Personal information
- Full name: Przemysław Tytoń
- Date of birth: 4 January 1987 (age 39)
- Place of birth: Zamość, Poland
- Height: 1.95 m (6 ft 5 in)
- Position: Goalkeeper

Team information
- Current team: Twente
- Number: 22

Youth career
- 2004: AMSPN Hetman Zamość

Senior career*
- Years: Team / Apps / (Gls)
- 2004–2005: Hetman Zamość
- 2005–2007: Górnik Łęczna / 20 / (0)
- 2007–2011: Roda JC / 46 / (0)
- 2011–2015: PSV / 24 / (0)
- 2013–2014: Jong PSV / 7 / (0)
- 2014–2015: → Elche (loan) / 32 / (0)
- 2015–2016: VfB Stuttgart / 30 / (0)
- 2016–2018: Deportivo La Coruña / 15 / (0)
- 2019–2021: FC Cincinnati / 42 / (0)
- 2022: Ajax / 0 / (0)
- 2022–: Twente / 11 / (0)

International career
- 2006: Poland U19 / 6 / (0)
- 2007: Poland U20 / 1 / (0)
- 2008: Poland U21 / 2 / (0)
- 2010–2016: Poland / 14 / (0)

= Przemysław Tytoń =

Polish footballer (born 1987)

Przemysław Tytoń (/pol/; born 4 January 1987) is a Polish professional footballer who plays as a goalkeeper for Eredivisie club Twente.

== Club career ==
Born in Zamość, Tytoń played for Górnik Łęczna until the end of the 2006–07 season when the Polish first-league club was relegated to the third division because of corruption. His application to be released from his contract was granted by the PZPN, following which he signed a five-year contract with Roda JC.

=== Roda JC ===
His Eredivisie debut came on 29 March 2008 in a goalless draw against Heracles Almelo. However, he did not make any appearances the following season.

In January 2010, Tytoń became the club's first choice goalkeeper, taking over from Bram Castro. He had shoulder surgery at the end of March 2011.

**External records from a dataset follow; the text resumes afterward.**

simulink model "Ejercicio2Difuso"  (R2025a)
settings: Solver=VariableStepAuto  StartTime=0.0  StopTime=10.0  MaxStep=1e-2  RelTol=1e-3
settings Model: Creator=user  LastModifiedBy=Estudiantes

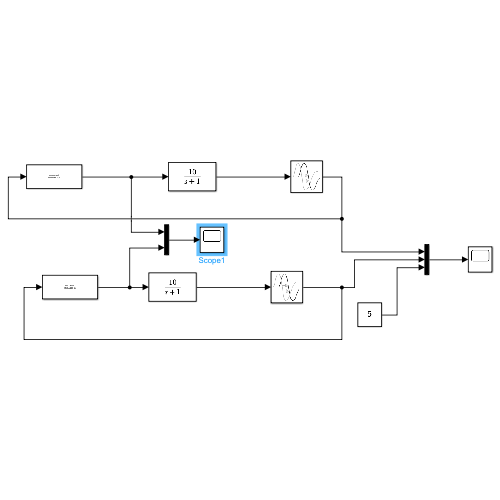
[thumbnail: Simulink's stored preview of the top-level diagram]
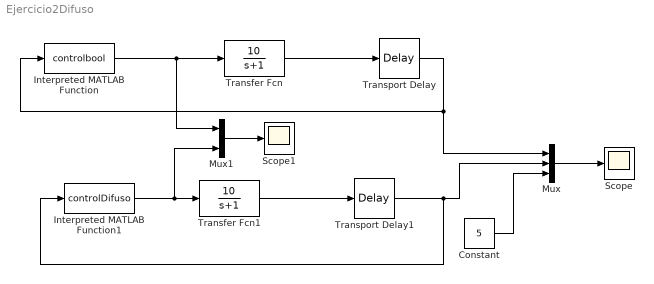
== system Ejercicio2Difuso ==
  Constant : Constant  Value=5
  Interpreted MATLAB Function : MATLABFcn  MATLABFcn=controlbool
  Interpreted MATLAB Function1 : MATLABFcn  MATLABFcn=controlDifuso
  Mux : Mux  Inputs=3
  Mux1 : Mux  Inputs=2
  Scope : Scope
      settings: ActiveDisplayYMinimum=-6.2903518392080535  ActiveDisplayYMaximum=15.899685158419963
  Scope1 : Scope
      settings: ActiveDisplayYMinimum=-0.37499999999999989  ActiveDisplayYMaximum=3.375
  Transfer Fcn : TransferFcn  Numerator=[10]  Denominator=[1 1]
  Transfer Fcn1 : TransferFcn  Numerator=[10]  Denominator=[1 1]
  Transport Delay : TransportDelay  DelayTime=0.5
  Transport Delay1 : TransportDelay  DelayTime=0.5
  wires:
  Interpreted MATLAB Function/1 -> Mux1/1, Transfer Fcn/1
  Transfer Fcn/1 -> Transport Delay/1
  Transport Delay/1 -> Mux/1, Interpreted MATLAB Function/1
  Transfer Fcn1/1 -> Transport Delay1/1
  Interpreted MATLAB Function1/1 -> Mux1/2, Transfer Fcn1/1
  Mux/1 -> Scope/1
  Transport Delay1/1 -> Interpreted MATLAB Function1/1, Mux/2
  Constant/1 -> Mux/3
  Mux1/1 -> Scope1/1
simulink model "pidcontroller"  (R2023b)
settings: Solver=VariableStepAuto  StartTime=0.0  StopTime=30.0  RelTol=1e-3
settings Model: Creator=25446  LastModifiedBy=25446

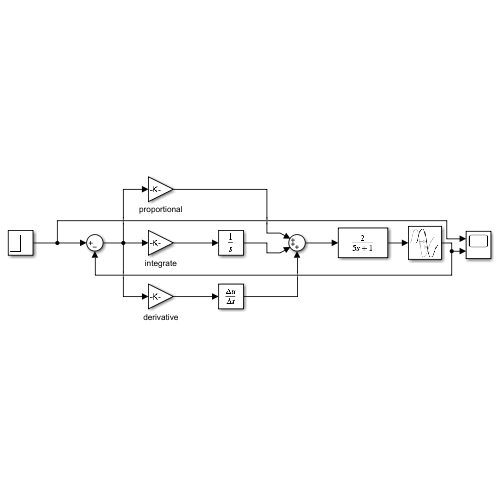
[thumbnail: Simulink's stored preview of the top-level diagram]
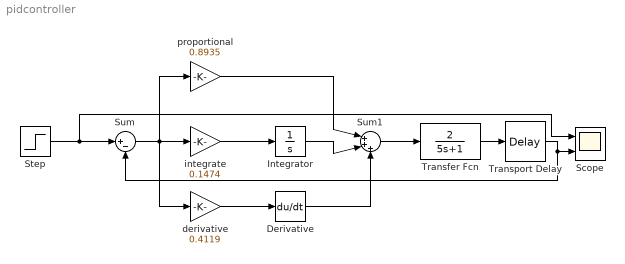
== system pidcontroller ==
  Derivative : Derivative
  Integrator : Integrator
  Scope : Scope  NumInputPorts=2
  Step : Step  SampleTime=0
  Sum : Sum  Inputs=|+-
  Sum1 : Sum  Inputs=|+++
  Transfer Fcn : TransferFcn  Numerator=[2]  Denominator=[5 1]
  Transport Delay : TransportDelay  DelayTime=2
  derivative : Gain  Gain=0.4119
  integrate : Gain  Gain=0.1474
  proportional : Gain  Gain=0.8935
  wires:
  Sum/1 -> derivative/1, proportional/1, integrate/1
  integrate/1 -> Integrator/1
  derivative/1 -> Derivative/1
  Step/1 -> Scope/1, Sum/1
  proportional/1 -> Sum1/1
  Integrator/1 -> Sum1/2
  Derivative/1 -> Sum1/3
  Sum1/1 -> Transfer Fcn/1
  Transport Delay/1 -> Sum/2, Scope/2
  Transfer Fcn/1 -> Transport Delay/1
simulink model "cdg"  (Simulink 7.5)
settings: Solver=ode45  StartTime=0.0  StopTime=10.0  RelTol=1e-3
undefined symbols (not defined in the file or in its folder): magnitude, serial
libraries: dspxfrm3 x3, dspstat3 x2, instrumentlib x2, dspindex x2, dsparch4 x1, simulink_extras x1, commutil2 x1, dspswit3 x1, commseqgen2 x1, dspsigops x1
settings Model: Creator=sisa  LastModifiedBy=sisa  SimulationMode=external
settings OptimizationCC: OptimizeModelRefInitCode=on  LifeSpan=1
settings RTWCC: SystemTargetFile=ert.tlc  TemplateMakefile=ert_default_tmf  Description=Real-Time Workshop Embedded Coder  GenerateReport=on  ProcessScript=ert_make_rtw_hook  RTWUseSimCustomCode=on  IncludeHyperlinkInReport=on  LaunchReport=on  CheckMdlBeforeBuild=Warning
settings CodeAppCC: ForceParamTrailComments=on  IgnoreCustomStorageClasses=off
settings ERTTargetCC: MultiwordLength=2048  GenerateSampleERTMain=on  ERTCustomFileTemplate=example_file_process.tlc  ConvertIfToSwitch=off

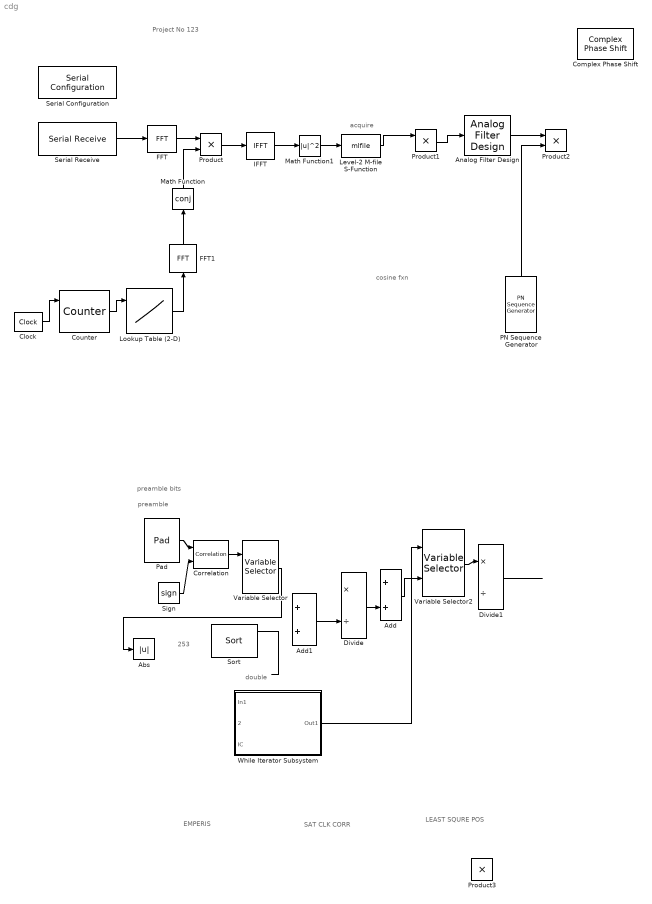
== system cdg ==
  note: Project No 123
  note: cosine fxn
  note: acquire
  note: 253
  note: double
  note: preamble
  note: preamble bits
  note: EMPERIS
  note: SAT CLK CORR
  note: LEAST SQURE POS
  Abs : Abs  OutDataType=fixdt(1, 16)  OutScaling=2^0
  Add : Sum  OutDataType=fixdt(1, 16)  OutScaling=2^-10
  Add1 : Sum  OutDataType=fixdt(1, 16)  OutScaling=2^-10
  Analog Filter Design : dsparch4/Analog Filter Design  method=Butterworth  filttype=Lowpass  N=8  Wlo=30  Whi=80  Rp=2  Rs=40
  Clock : simulink_extras/Flip Flops/Clock  SystemSampleTime=-1  MaskParam1=0.00000097752
  Complex Phase Shift : commutil2/Complex Phase Shift  SystemSampleTime=-1
  Correlation : dspstat3/Correlation  DialogController=dspDDGCreate  DialogControllerArgs=DataTag0  domain=Time  outputDataTypeStr=Inherit: Same as accumulator  outputLastDataTypeStr=Inherit: Same as accumulator  outputMin=[]  outputMax=[]  roundingMode=Floor  overflowMode=off
  Counter : dspswit3/Counter  Direction=Up  CountEvent=Either edge  CounterSize=User defined  MaxCount=1022  InitialCount=0  Output=Hit  HitValue=32  ResetInput=on  SamplesPerFrame=1  Ts=1  CntDtype=double  HitDtype=Logical
  Divide : Product  Inputs=*/  OutDataType=fixdt(1, 16)  OutScaling=2^-10
  Divide1 : Product  Inputs=*/  OutDataType=fixdt(1, 16)  OutScaling=2^-10
  FFT : dspxfrm3/FFT  DialogController=dspDDGCreate  DialogControllerArgs=DataTag1  CompMethod=Table lookup  TableOpt=NEW  TableOptActive=Speed  BitRevOrder=off  InheritFFTLength=on  FFTLength=64  SkipNorm=off  firstCoeffDataTypeStr=Inherit: Same word length as input  firstCoeffLastDataTypeStr=Inherit: Same word length as input  outputMin=[]  outputMax=[]  roundingMode=Floor  overflowMode=off
  FFT1 : dspxfrm3/FFT  DialogController=dspDDGCreate  DialogControllerArgs=DataTag2  CompMethod=Table lookup  TableOpt=NEW  TableOptActive=Speed  BitRevOrder=off  InheritFFTLength=on  FFTLength=64  SkipNorm=off  firstCoeffDataTypeStr=Inherit: Same word length as input  firstCoeffLastDataTypeStr=Inherit: Same word length as input  outputMin=[]  outputMax=[]  roundingMode=Floor  overflowMode=off
  IFFT : dspxfrm3/IFFT  DialogController=dspDDGCreate  DialogControllerArgs=DataTag3  CompMethod=Table lookup  TableOpt=NEW  TableOptActive=Speed  BitRevOrder=off  cs_in=off  SkipNorm=on  InheritFFTLength=on  FFTLength=64  mode=Complex  outSamplingMode=Sample based  firstCoeffDataTypeStr=Inherit: Same word length as input  firstCoeffLastDataTypeStr=Inherit: Same word length as input  outputMin=[]  outputMax=[]  roundingMode=Floor  overflowMode=off
  Level-2 M-file S-Function : M-S-Function
  Lookup Table (2-D) : Lookup2D  RowIndex=[1:3]  ColumnIndex=[1:3]  Table=[4 5 6;16 19 20;10 18 23]  OutDataType=fixdt(1, 16)  OutScaling=2^0
  Math Function : Math  Operator=conj  OutputSignalType=complex  OutDataType=fixdt(1, 16)  OutScaling=2^0  SaturateOnIntegerOverflow=on
  Math Function1 : Math  Operator=magnitude^2  OutputSignalType=real  OutDataType=fixdt(1, 16)  OutScaling=2^0  SaturateOnIntegerOverflow=on
  PN Sequence Generator : commseqgen2/PN Sequence Generator  poly=[1 0 0 0 0 1 1]  ini_sta=[0 0 0 0 0 1]  outBitMaskSource=Dialog parameter  shift=0  Ts=1  frameBased=off  sampPerFrame=1  reset=off  bitPackedOutputs=off  outDataType=double  numPackedBits=8  bitPackDataSigned=off  bitPackedOutDType=double
  Pad : dspsigops/Pad  padAlong=Columns  dimsToPad=1  valSrc=Specify via dialog  padVal=0  spec=Output size  padNumOutRowsSpecMethod=User-specified  numOutRows=1  padNumOutColsSpecMethod=User-specified  numOutCols=1  isVarDimsMode=off  padBeginning=0  padEnd=0  outSizeMode=User-specified  outSize=1  padSigAt=End  trunc_flag=None  roundingMode=Floor  overflowMode=off  truncOrWrapMode=Truncate  wrap_flag=None
  Product{,1..3} (4 alike) : Product  OutDataType=fixdt(1, 16)  OutScaling=2^0  RndMeth=Zero
  Serial Configuration : instrumentlib/Serial Configuration  Priority=-200000  DialogController=instrumentcreatedialog  DialogControllerArgs=DataTag4  ComPortMenu=COM1  ComPort=COM1  ObjConstructor=serial('COM1');  BaudRate=9600  DataBits=8  Parity=none  StopBits=1  FlowControl=none  Timeout=10  ByteOrder=LittleEndian
  Serial Receive : instrumentlib/Serial Receive  DialogController=instrumentcreatedialog  DialogControllerArgs=DataTag5  ComPortMenu=COM1  ComPort=COM1  ObjConstructor=serial('COM1');  Header=none  Terminator=<none>  DataSize="[1  1]"  DataType=uint8  EnableBlockingMode=on  ActionDataUnavailable=Output last received value  CustomValue=0  SampleTime=0.01
  Sign : Signum
  Sort : dspstat3/Sort  DialogController=dspDDGCreate  DialogControllerArgs=DataTag6  otype=Value and Index  dir=Ascending  sortAlg=Quick sort  accumDataTypeStr=Inherit: Same as product output  accumLastDataTypeStr=Inherit: Same as product output  roundingMode=Floor  overflowMode=off
  Variable Selector : dspindex/Variable Selector  NumInputs=1  rowsOrCols=Rows  IdxMode=Variable  Elements=[1 3]  ZerOneIdxMode=Zero-based  errmode=Clip and Warn  FillMode=on  FillValues=0
  Variable Selector2 : dspindex/Variable Selector  NumInputs=1  rowsOrCols=Rows  IdxMode=Variable  Elements=[1 3]  ZerOneIdxMode=One-based  errmode=Clip Index  FillMode=on  FillValues=0
  While Iterator Subsystem : Subsystem  TreatAsAtomicUnit=on
  wires:
  Serial Receive/1 -> FFT/1
  Product/1 -> IFFT/1
  FFT/1 -> Product/1
  Clock/1 -> Counter/1
  Counter/1 -> Lookup Table (2-D)/1
  Math Function/1 -> Product/2
  FFT1/1 -> Math Function/1
  Lookup Table (2-D)/1 -> FFT1/1
  IFFT/1 -> Math Function1/1
  ? -> Product1/2
  Analog Filter Design/1 -> Product2/1
  PN Sequence Generator/1 -> Product2/2
  Math Function1/1 -> Level-2 M-file S-Function/1
  Level-2 M-file S-Function/1 -> Product1/1
  Product1/1 -> Analog Filter Design/1
  ? -> Sign/1
  ? -> While Iterator Subsystem/2
  Pad/1 -> Correlation/1
  Sign/1 -> Correlation/2
  Correlation/1 -> Variable Selector/1
  Variable Selector/1 -> Abs/1
  ? -> Sort/1
  Sort/1 -> ?
  ? -> While Iterator Subsystem/1(In1)
  Add/1 -> Variable Selector2/2
  Add1/1 -> Divide/2
  Divide/1 -> Add/2
  Variable Selector2/1 -> Divide1/1
  Divide1/1 -> ?
  While Iterator Subsystem/1(Out1) -> Variable Selector2/1

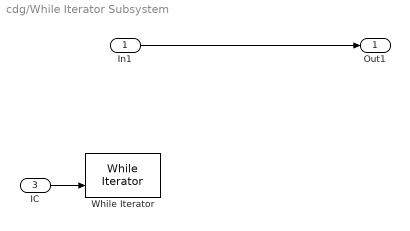
== system cdg/While Iterator Subsystem ==
  In1 : Inport  OutDataType=fixdt(1, 16)  OutScaling=2^0
  IC : Inport  Port=3  OutDataType=fixdt(1, 16)  OutScaling=2^0
  While Iterator : WhileIterator  ShowIterationPort=on
  Out1 : Outport  OutDataType=fixdt(1, 16)  OutScaling=2^0
  wires:
  IC/1 -> While Iterator/2
  In1/1 -> Out1/1

After 2010–11 Eredivisie season, Tytoń was listed as the second best goalkeeper, only behind Maarten Stekelenburg. He had an offer from Belgian champion KRC Genk, but did not accept it.

=== PSV ===
On 16 August 2011, it was announced that PSV Eindhoven had taken Tytoń on a one-year loan, with an option to buy at the end of the season. On 20 January 2012, it was announced that PSV has signed Tytoń for an extra four years.

On 18 September 2011, Tytoń suffered a serious concussion when he collided with a teammate during the match between PSV and Ajax and was subsequently carried out on a stretcher, with the game delayed for 15 minutes. There was no serious damage so he was discharged from hospital the next day. In the Europa League match against FC Rapid București (2–1) Tyton was back in goal for PSV.

Tytoń rapidly gained a strong form in goal for PSV after his injury and replaced former first choice goalkeeper Andreas Isaksson by the time Phillip Cocu had been announced as caretaker manager after Fred Rutten in March 2012. Among many strong matches, he especially displayed his talent in the 2011–12 KNVB Beker semi final against SC Heerenveen where PSV advanced to the final on a 3–1 victory. Tytoń at times almost single-handedly kept the opposition from producing a comeback and saved a penalty from the 2011-12 Eredivisie topscorer Bas Dost. He subsequently became known as the "penalty killer" among media and fans.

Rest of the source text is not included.